> **Task directions**:
All lines with the word "bath" must be pulled from the entries below.

> **Data for this exercise**:
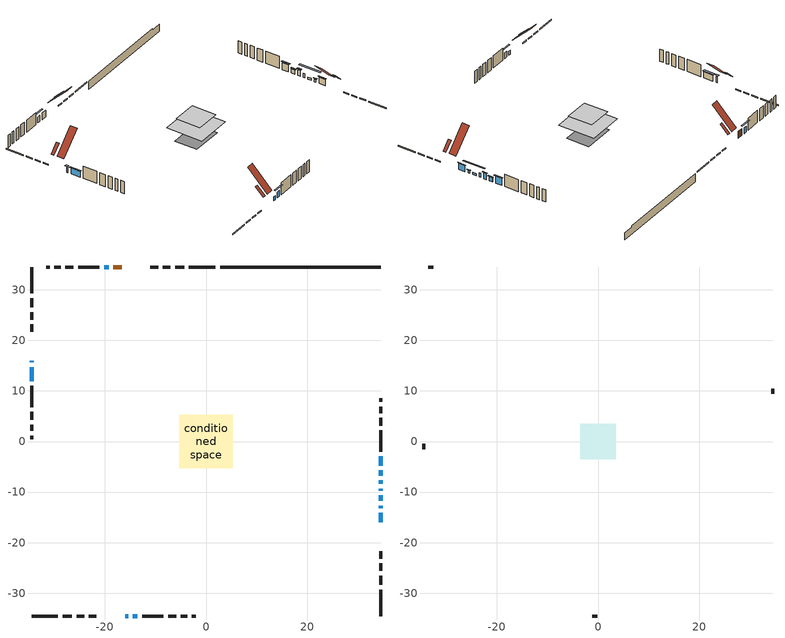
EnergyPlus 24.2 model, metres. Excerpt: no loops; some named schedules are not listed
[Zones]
conditioned space
 floor adiabatic (AdiabaticFloorConstruction): -5.28,-5.28 -5.28,5.28 5.28,5.28 5.28,-5.28 z1.45
 floor foundation (Slab1 construction): -4.57,-3.35 -4.57,3.35 4.57,3.35 4.57,-3.35 z-2.21
 wall outside (RimJoist1 construction): 1.87,34.5 -3.36,34.5 / -34.5,-34.5 -29.26,-34.5 / -34.5,34.5 -34.5,29.26 / 34.5,-34.5 34.5,-29.26 z0.23:0.53
 wall outside (RimJoist2 construction): -4.29,34.5 -6.1,34.5 / -28.34,-34.5 -26.53,-34.5 / -34.5,28.34 -34.5,26.53 / 34.5,-28.34 34.5,-26.53 z0.23:0.53
 wall outside (RimJoist3 construction): -7.03,34.5 -8.54,34.5 / -25.6,-34.5 -24.09,-34.5 / -34.5,25.6 -34.5,24.09 / 34.5,-25.6 34.5,-24.09 z0.23:0.53
 wall outside (RimJoist4 construction): -9.47,34.5 -10.98,34.5 / -23.16,-34.5 -21.65,-34.5 / -34.5,23.16 -34.5,21.65 / 34.5,-23.16 34.5,-21.65 z0.23:0.53
 wall outside (AdiabaticWallConstruction 1): -16.7,34.5 -18.29,34.5 z0.23:2.26
 wall outside (AdiabaticWallConstruction): -34.5,15.93 -34.5,15.62 z0.23:2.06; -19.22,34.5 -20.13,34.5 / 34.5,-15.92 34.5,-14.09 / -34.5,14.69 -34.5,11.95 / 34.5,-8.37 34.5,-7.66 / -14.46,-34.5 -13.55,-34.5 z0.23:2.01; 34.5,-13.17 34.5,-12.66 z0.23:0.94; 34.5,-11.73 34.5,-10.66 z0.23:0.84; 34.5,-9.73 34.5,-9.3 / -15.93,-34.5 -15.39,-34.5 / 34.5,-6.73 34.5,-5.72 z0.23:1.45; 34.5,-4.79 34.5,-2.96 z0.23:2.36
 wall outside (Wall1 construction): -21.06,34.5 -25.28,34.5 / -12.62,-34.5 -8.4,-34.5 / -34.5,11.02 -34.5,6.8 / 34.5,-2.03 34.5,2.18 z0.23:3.89
 wall outside (Wall2 construction): -26.21,34.5 -27.79,34.5 / -7.47,-34.5 -5.89,-34.5 / -34.5,5.87 -34.5,4.29 / 34.5,3.11 34.5,4.7 z0.23:3.89
 wall outside (Wall3 construction): -28.72,34.5 -29.98,34.5 / -4.96,-34.5 -3.7,-34.5 / -34.5,3.36 -34.5,2.1 / 34.5,5.63 34.5,6.89 z0.23:3.89
 wall outside (Wall4 construction): -30.91,34.5 -31.61,34.5 / -2.77,-34.5 -2.07,-34.5 / -34.5,1.17 -34.5,0.47 / 34.5,7.82 34.5,8.52 z0.23:3.89
 wall foundation (FoundationWall1 construction): 2.8,34.5,-2.21 2.8,34.5,0.23 31.33,34.5,0.23 31.33,34.5,-0.14 34.5,34.5,-0.14 34.5,34.5,-2.21
 window (WindowConstruction 8): -34.5,15.92 -34.5,15.62 z0.23:2.06
 window (WindowConstruction 5): -19.22,34.5 -20.13,34.5 z0.23:2.01
 window (WindowConstruction 6): 34.5,-15.92 34.5,-14.1 z0.23:2.01
 window (WindowConstruction 7): 34.5,-13.17 34.5,-12.66 z0.23:0.94
 window (WindowConstruction 10): 34.5,-11.73 34.5,-10.66 z0.23:0.84
 window (WindowConstruction 11): 34.5,-9.73 34.5,-9.3 z0.23:1.45
 window (WindowConstruction 9): -15.92,-34.5 -15.39,-34.5 z0.23:1.45
 window (WindowConstruction): -34.5,14.69 -34.5,11.95 z0.23:2.01
 window (WindowConstruction 1): 34.5,-8.37 34.5,-7.66 z0.23:2.01
 window (WindowConstruction 2): 34.5,-6.73 34.5,-5.72 z0.23:1.45
 window (WindowConstruction 3): 34.5,-4.79 34.5,-2.96 z0.23:2.36
 window (WindowConstruction 4): -14.46,-34.5 -13.55,-34.5 z0.23:2.01
 door (Door): -16.7,34.5 -18.29,34.5 z0.23:2.26
 ceiling adiabatic (AdiabaticFloorConstruction): 5.28,-5.28 5.28,5.28 -5.28,5.28 -5.28,-5.28 z1.45
 roof outside (Roof1 construction): -12.74,34.5,3.89 -12.74,32.13,6.25 -11.91,32.13,6.25 -11.91,34.5,3.89; -19.89,-34.5,3.89 -19.89,-32.13,6.25 -20.72,-32.13,6.25 -20.72,-34.5,3.89; -34.5,19.89,3.89 -32.13,19.89,6.25 -32.13,20.72,6.25 -34.5,20.72,3.89; 34.5,-19.89,3.89 32.13,-19.89,6.25 32.13,-20.72,6.25 34.5,-20.72,3.89
attic - vented
 floor to conditioned space (Floor1 construction Reversed): -3.54,-3.54 -3.54,3.54 3.54,3.54 3.54,-3.54 z3.89
 wall outside (Wall5 construction): -32.54,34.5 -33.57,34.5 / -1.14,-34.5 -0.11,-34.5 / -34.5,-0.46 -34.5,-1.49 / 34.5,9.45 34.5,10.47 z0.23:3.89
 roof outside (Roof2 construction): -15.77,34.5,3.89 -15.77,28.54,9.84 -13.67,28.54,9.84 -13.67,34.5,3.89; -16.85,-34.5,3.89 -16.85,-28.54,9.84 -18.96,-28.54,9.84 -18.96,-34.5,3.89; -34.5,16.85,3.89 -28.54,16.85,9.84 -28.54,18.96,9.84 -34.5,18.96,3.89; 34.5,-16.85,3.89 28.54,-16.85,9.84 28.54,-18.96,9.84 34.5,-18.96,3.89
shading: -34.5,15.32 -34.5,16.22 -34.96,16.22 -34.96,15.32 z2.36; -21.35,34.5 -18,34.5 -18,34.79 -21.35,34.79 z3.23; 34.5,-13.8 34.5,-16.22 34.64,-16.22 34.64,-13.8 z2.31; 34.5,-12.36 34.5,-13.47 34.64,-13.47 34.64,-12.36 z1.24; 34.5,-7.92 34.5,-14.47 34.96,-14.47 34.96,-7.92 z3.58; -34.5,11.65 -34.5,14.99 -34.96,14.99 -34.96,11.65 z2.31; 34.5,-7.36 34.5,-8.67 34.79,-8.67 34.79,-7.36 z2.31; 34.5,-5.42 34.5,-7.03 34.79,-7.03 34.79,-5.42 z1.75; 34.5,-2.66 34.5,-5.09 34.79,-5.09 34.79,-2.66 z2.66; -12.33,-34.5 -15.68,-34.5 -15.68,-34.79 -12.33,-34.79 z3.23
[Building]
Building 1: Terrain=Suburbs
[Site:Location]
Quebec Intl AP_QC: Latitude {deg}=46.8; Longitude {deg}=-71.38; Time Zone {hr}=-5; Elevation {m}=74; Keep Site Location Information=Yes
[Site:GroundTemperature:Shallow]
0.0108218, -2.24938, -2.43038, -1.3578, 2.94801, 7.23376, 10.9493, 13.303, 13.5029, 11.5886, 7.96783, 3.81355
[Site:WaterMainsTemperature]
Calculation Method=Schedule; Temperature Schedule=mains temperature schedule
[Material] Roughness=Rough; Thermal Absorptance=0.9
Name | Thickness {m} | Conductivity {W/m-K} | Density {kg/m3} | Specific Heat {J/kg-K} | Solar Absorptance | Visible Absorptance
asphalt or fiberglass shingles | 0.00635 | 0.162714 | 1121.4 | 1465.45 | 0.4 | 0.4
ceiling loosefill ins | 0.169333 | 0.0480833 | 16.02 | 1046.75 | 0.7 | 0.7
ceiling stud and cavity | 0.1397 | 0.088744 | 65.682 | 1177.47 | 0.7 | 0.7
concrete 4.0 in. | 0.1016 | 1.803125 | 2242.8 | 837.4 | 0.7 | 0.7
concrete 8.0 in. | 0.2032 | 1.803125 | 2242.8 | 837.4 | 0.7 | 0.7
door material | 0.04445 | 0.188738 | 512.64 | 1214.23 | 0.7 | 0.7
exterior vertical ins | 0.0427865 | 0.029427 | 32.04 | 1214.23 | 0.7 | 0.7
floor covering | 0.0127 | 0.0433444 | 54.468 | 1339.84 | 0.6 | 0.6
floor rigid ins; wall rigid ins | 0.512978 | 0.029427 | 32.04 | 1214.23 | 0.7 | 0.7
floor stud and cavity | 0.1397 | 1.75129 | 37.0049 | 1207.88 | 0.7 | 0.7
furniture material conditioned space 1 | 0.1524 | 0.115458 | 640.8 | 1214.23 | 0.6 | 0.6
gypsum board | 0.0127 | 0.160291 | 801 | 837.4 | 0.6 | 0.6
gypsum board 1 | 0.00254 | 0.160291 | 801 | 837.4 | 0.6 | 0.6
gypsum board 2 | 0.0127 | 0.160291 | 801 | 837.4 | 0.7 | 0.7
osb sheathing 0.5 in. | 0.0127 | 0.115458 | 512.64 | 1214.23 | 0.7 | 0.7
osb sheathing 0.75 in. | 0.01905 | 0.115458 | 512.64 | 1214.23 | 0.7 | 0.7
osb sheathing 2.0 in. | 0.0508 | 0.115458 | 512.64 | 1214.23 | 0.7 | 0.7
rim joist rigid ins | 0.051816 | 0.029427 | 32.04 | 1214.23 | 0.7 | 0.7
rim joist stud and cavity | 0.0508 | 0.185435 | 125.044 | 1163.47 | 0.6 | 0.6
rim joist stud and cavity 1 | 0.0508 | 0.190329 | 125.044 | 1163.47 | 0.6 | 0.6
rim joist stud and cavity 2 | 0.0508 | 0.0280211 | 125.044 | 1163.47 | 0.6 | 0.6
rim joist stud and cavity 3 | 0.0508 | 0.194335 | 50.32683 | 1063.81 | 0.6 | 0.6
roof rigid ins | 0.103632 | 0.029427 | 32.04 | 1214.23 | 0.7 | 0.7
roof stud and cavity | 0.2032 | 0.184511 | 78.34581 | 1123.46 | 0.7 | 0.7
wall stud and cavity | 0.1397 | 0.411097 | 139.0536 | 1170.24 | 0.7 | 0.7
wall stud and cavity 1 | 0.1397 | 0.408978 | 139.0536 | 1170.24 | 0.7 | 0.7
wall stud and cavity 2 | 0.1397 | 1.07228 | 139.0536 | 1170.24 | 0.7 | 0.7
wall stud and cavity 3 | 0.0889 | 0.209304 | 50.32683 | 1063.81 | 0.7 | 0.7
wall stud and cavity 4 | 0.0889 | 6.9971 | 50.32683 | 1063.81 | 0.6 | 0.6
wall stud and cavity 5 | 0.0889 | 0.380278 | 52.3479 | 1209.89 | 0.7 | 0.7
wall stud and cavity 6 | 0.0889 | 0.391764 | 83.0341 | 1211.67 | 0.7 | 0.7
wood siding | 0.0254 | 0.102417 | 544.68 | 1172.36 | 0.84 | 0.84
wood siding 1 | 0.00254 | 0.102417 | 544.68 | 1172.36 | 0.84 | 0.84
wood siding 2; wood siding 3; wood siding 4 | 0.0254 | 0.102417 | 544.68 | 1172.36 | 0.7 | 0.7
[WindowMaterial:SimpleGlazingSystem]
Name | U-Factor {W/m2-K} | Solar Heat Gain Coefficient
WindowMaterial | 2.938365 | 0.6
WindowMaterial 1 | 2.961077 | 0.57
WindowMaterial 2 | 2.929848 | 0.66
WindowMaterial 3 | 2.97187 | 0.6
WindowMaterial 4 | 3.02126 | 0.45
WindowMaterial 5 | 3.06271 | 0.54
WindowMaterial 6 | 3.03319 | 0.48
WindowMaterial 7 | 3.02751 | 0.48
WindowMaterial 8 | 3.04284 | 0.46
[Construction]
AdiabaticFloorConstruction: floor stud and cavity, floor rigid ins, osb sheathing 0.75 in., floor covering
AdiabaticWallConstruction: wood siding 3, wall rigid ins, wall stud and cavity 5, gypsum board
AdiabaticWallConstruction 1: wood siding 4, wall rigid ins, wall stud and cavity 5, gypsum board
Door: door material
Floor1 construction Reversed: gypsum board, ceiling stud and cavity, ceiling loosefill ins
FoundationWall1 construction: concrete 8.0 in., gypsum board 2
furniture construction conditioned space 1: furniture material conditioned space 1
PartitionWallConstruction: gypsum board, wall stud and cavity 6, gypsum board
RimJoist1 construction: wood siding 2, rim joist rigid ins, osb sheathing 2.0 in., rim joist stud and cavity
RimJoist2 construction: wood siding 2, rim joist rigid ins, osb sheathing 2.0 in., rim joist stud and cavity 1
RimJoist3 construction: wood siding 2, osb sheathing 2.0 in., rim joist stud and cavity 2
RimJoist4 construction: wood siding 2, rim joist stud and cavity 3
Roof1 construction: asphalt or fiberglass shingles, roof rigid ins, osb sheathing 0.75 in., roof stud and cavity, gypsum board
Roof2 construction: asphalt or fiberglass shingles
Slab1 construction: concrete 4.0 in.
Wall1 construction: wood siding, osb sheathing 0.5 in., wall stud and cavity, gypsum board
Wall2 construction: wood siding, osb sheathing 0.5 in., wall stud and cavity 1, gypsum board
Wall3 construction: wood siding, osb sheathing 0.5 in., wall stud and cavity 2, gypsum board
Wall4 construction: wood siding 1, wall stud and cavity 3, gypsum board 1
Wall5 construction: wood siding 1, wall stud and cavity 4
WindowConstruction; WindowConstruction 4; WindowConstruction 5; WindowConstruction 6: WindowMaterial
WindowConstruction 1: WindowMaterial 1
WindowConstruction 10: WindowMaterial 7
WindowConstruction 11: WindowMaterial 8
WindowConstruction 2: WindowMaterial 2
WindowConstruction 3: WindowMaterial 3
WindowConstruction 7: WindowMaterial 4
WindowConstruction 8: WindowMaterial 5
WindowConstruction 9: WindowMaterial 6
[Zone] Multiplier=1; Part of Total Floor Area=Yes
Name | Volume {m3}
attic - vented | 41.8793
conditioned space | 435.7
[Space]
Name | Zone | Volume {m3}
attic - vented 1 | attic - vented | 41.8793
conditioned space 1 | conditioned space | 435.7
[ZoneInfiltration:EffectiveLeakageArea]
infil attic - vented 1: Zone or Space=attic - vented 1; Schedule=Always On Discrete; Effective Air Leakage Area {cm2}=1852.43; Stack Coefficient=0.000668522; Wind Coefficient=1.74694e-05
[ZoneMixing]
whole house fan mix: Zone or Space=attic - vented; Schedule=Always On Continuous; Design Flow Rate Calculation Method=Flow/Zone; Design Flow Rate {m3/s}=0; Source Zone or Space=conditioned space
[SurfaceProperty:ExposedFoundationPerimeter]
Slab1: Exposed Perimeter Calculation Method=TotalExposedPerimeter; Total Exposed Perimeter {m}=31.699
[InternalMass] Zone or ZoneList=conditioned space; Space or SpaceList=conditioned space 1
Name | Construction | Surface Area {m2}
furniture mass conditioned space 1 | furniture construction conditioned space 1 | 69.1281
partition wall mass | PartitionWallConstruction | 172.82
[Lights]
interior lighting: Zone or ZoneList or Space or SpaceList=conditioned space 1; Schedule=interior lighting schedule; Design Level Calculation Method=LightingLevel; Lighting Level {W}=343.2; Return Air Fraction=0; Fraction Radiant=0.6; Fraction Visible=0.2; Fraction Replaceable=1
[People]
occupants: Zone or ZoneList or Space or SpaceList=conditioned space 1; Number of People Schedule=occupants schedule; Number of People Calculation Method=People; Number of People=3; Fraction Radiant=0.314171; Sensible Heat Fraction=0.56303; Activity Level Schedule=occupants activity schedule; Carbon Dioxide Generation Rate {m3/s-W}=0; Enable ASHRAE 55 Comfort Warnings=No; Mean Radiant Temperature Calculation Type=EnclosureAveraged
[ElectricEquipment] Zone or ZoneList or Space or SpaceList=conditioned space 1; Design Level Calculation Method=EquipmentLevel
Name | Schedule | Design Level {W} | Fraction Latent | Fraction Radiant | Fraction Lost
clothes dryer | clothes dryer schedule | 140.772 | 0.015 | 0.081 | 0.85
clothes washer | clothes washer schedule | 32.1985 | 0.03 | 0.162 | 0.7
cooking range | cooking range schedule | 215.147 | 0.08 | 0.432 | 0.2
dishwasher | dishwasher schedule | 66.8632 | 0.3 | 0.18 | 0.4
fridge | fridge schedule | 72.9452 | 0 | 0.6 | 0
mech vent bath fan 0 | mech vent bath fan 0 schedule | 50.2 | 0 | 0 | 1
mech vent bath fan 1 | mech vent bath fan 1 schedule | 50.2 | 0 | 0 | 1
mech vent house fan | mech vent house fan schedule | 0 | 0 | 0 | 1
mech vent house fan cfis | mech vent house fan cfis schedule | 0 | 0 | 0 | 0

> **The completed task**:
mech vent bath fan 0 | mech vent bath fan 0 schedule | 50.2 | 0 | 0 | 1
mech vent bath fan 1 | mech vent bath fan 1 schedule | 50.2 | 0 | 0 | 1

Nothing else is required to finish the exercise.